Along the same lines, by omitting the Commandments referring to covetousness, I think our Lord was pointing out to the young man that he had a deeper problem of covetousness and greed, which St. Paul tells us is idolatry (Col 3:5). He then goes on to teach his disciples that it is impossible for a rich person to inherit eternal life when their reliance is upon their wealth.
Now, before we are unduly harsh in our criticism of the rich young man, we should pause and think about how this is relevant for us today. I think that we are ALL the rich young ruler. We may not think that we are wealthy, but if you consider what the average person living in the time of Jesus possessed, you would have to admit that we in the 21st century live in comfort and luxury. Even the rich young man in the Gospel would probably look like a pauper compared to what we possess nowadays. Think about it...You are probably right now reading this blog in comfort, on a readily available electronic device, with a high-speed broadband connection – need I say more...?
Jesus’ question to the rich young man should resonate with each and every single one of us. If Jesus asked us to give up all that we possess in order to follow Him, would we do it? Or would we, like the rich young man, leave our Lord albeit with a deep sadness? It is true that God doesn’t ask all of us to give up our wealth. But the heart of the issue is whether our trust is in the Lord our God, or whether we are placing our trust in our own wealth and strength.
If what Jesus said was true of the rich young man (i.e. it is easier for a camel to pass through the eye of a needle than for the rich to enter the kingdom of heaven) – how much more so for us today whose wealth far exceeds that of Jesus time? Just as it was impossible for the rich to enter the Kingdom of Heaven in Jesus’ day; how much harder must it be in our day and age of technology and instant gratification?
But thanks be to God – this is not where Jesus ends His instruction. Yes – it is IMPOSSIBLE for the rich (that includes you and me) to enter the Kingdom of Heaven. But Jesus tells us that for God ALL things are possible! Our wealth, no matter how great, is useless in the bigger scheme of things. It is God, and GOD ALONE, that is able to bring us to eternal life. And He does this when we are willing to let go of everything we hold dear...and cling to the Lord Jesus Christ as our only hope of salvation.

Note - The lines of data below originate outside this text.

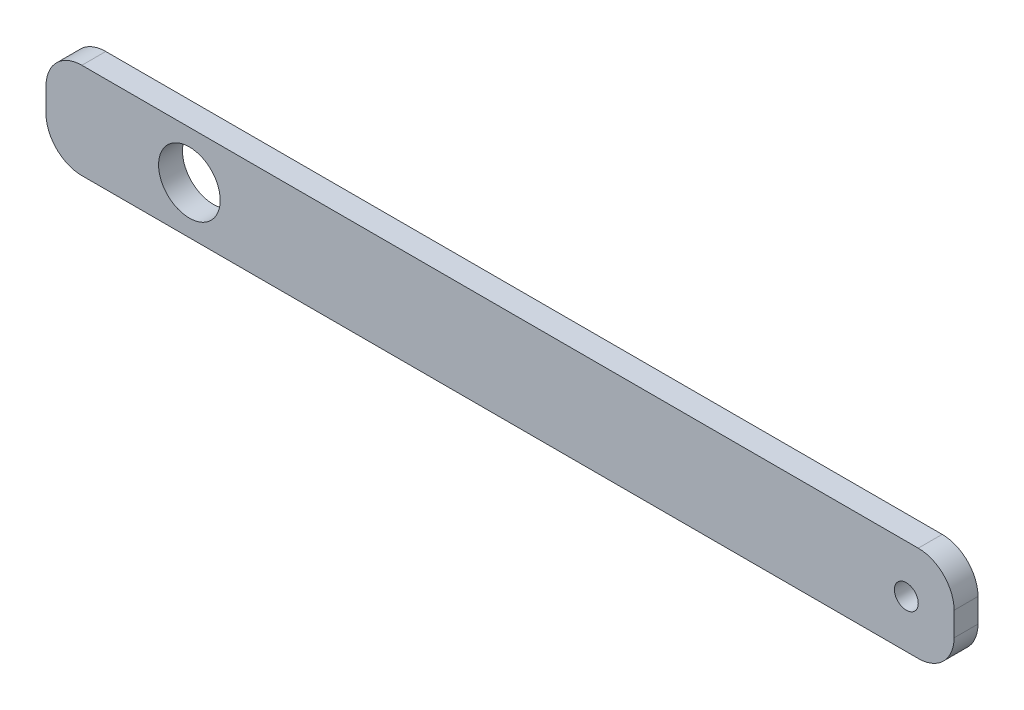
from build123d import *

# Parameters (mm, degrees)
SKETCH1_W           = 190
SKETCH1_H           = 20
SKETCH1_R           = 6.45
SKETCH1_R_2         = 2.5
BOSS_EXTRUDE1_DEPTH = 5
FILLET1_R           = 7.5


with BuildPart() as part:
    # Sketch1 → Boss-Extrude1 (new body)
    with BuildSketch(Plane.XY):
        Rectangle(SKETCH1_W, SKETCH1_H)
        with Locations((-65, 0)):
            Circle(SKETCH1_R, mode=Mode.SUBTRACT)
        with Locations((85, 0)):
            Circle(SKETCH1_R_2, mode=Mode.SUBTRACT)
    extrude(amount=BOSS_EXTRUDE1_DEPTH)

    # Fillet1
    fillet1_edges = [part.edges().sort_by_distance(p)[0] for p in [
        (-95, 10, 2.5),
        (95, 10, 2.5),
        (95, -10, 2.5),
        (-95, -10, 2.5),
    ]]
    fillet(fillet1_edges, radius=FILLET1_R)


solid = part.part
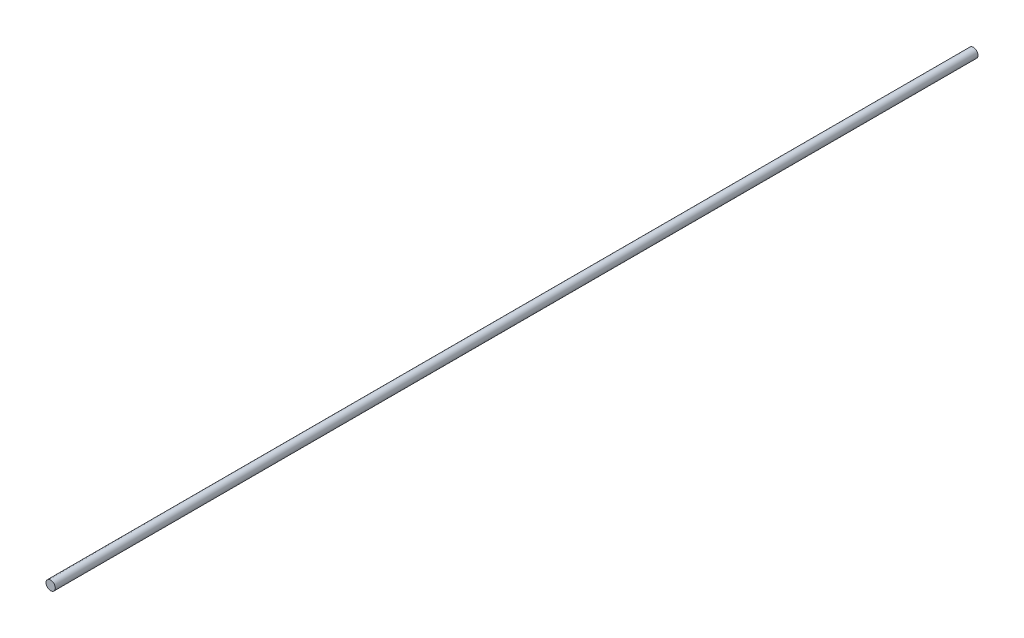
from build123d import *

# Parameters (mm, degrees)
SKETCH1_R           = 1.5875
BOSS_EXTRUDE1_DEPTH = 315.468


with BuildPart() as part:
    # Sketch1 → Boss-Extrude1 (new body)
    with BuildSketch(Plane.XY):
        Circle(SKETCH1_R)
    extrude(amount=BOSS_EXTRUDE1_DEPTH)


solid = part.part

As an aside, given that the Year of Faith has recently kicked off, I thought I would add the following note on the matter of “faith”.
Most Protestant Christians hold to what is called “Sola Fide” i.e. they maintain that we are saved by faith ALONE. As Catholics, we would disagree saying that one cannot be saved by faith alone – rather, a person is saved by their faith AND works.
In terms of the passage above, our Lord’s response is one point of evidence against the Protestant notion of Sola Fide. If the notion of Sola Fide was true, we would expect Jesus’ response to the man to be more along the lines of: “Don’t you know that you are saved by faith ALONE? There is nothing that you can do to inherit eternal life”.
Yet, this is not the way our Lord responds. Rather, His response is to seek good works to prove whether the man’s faith is dead or alive.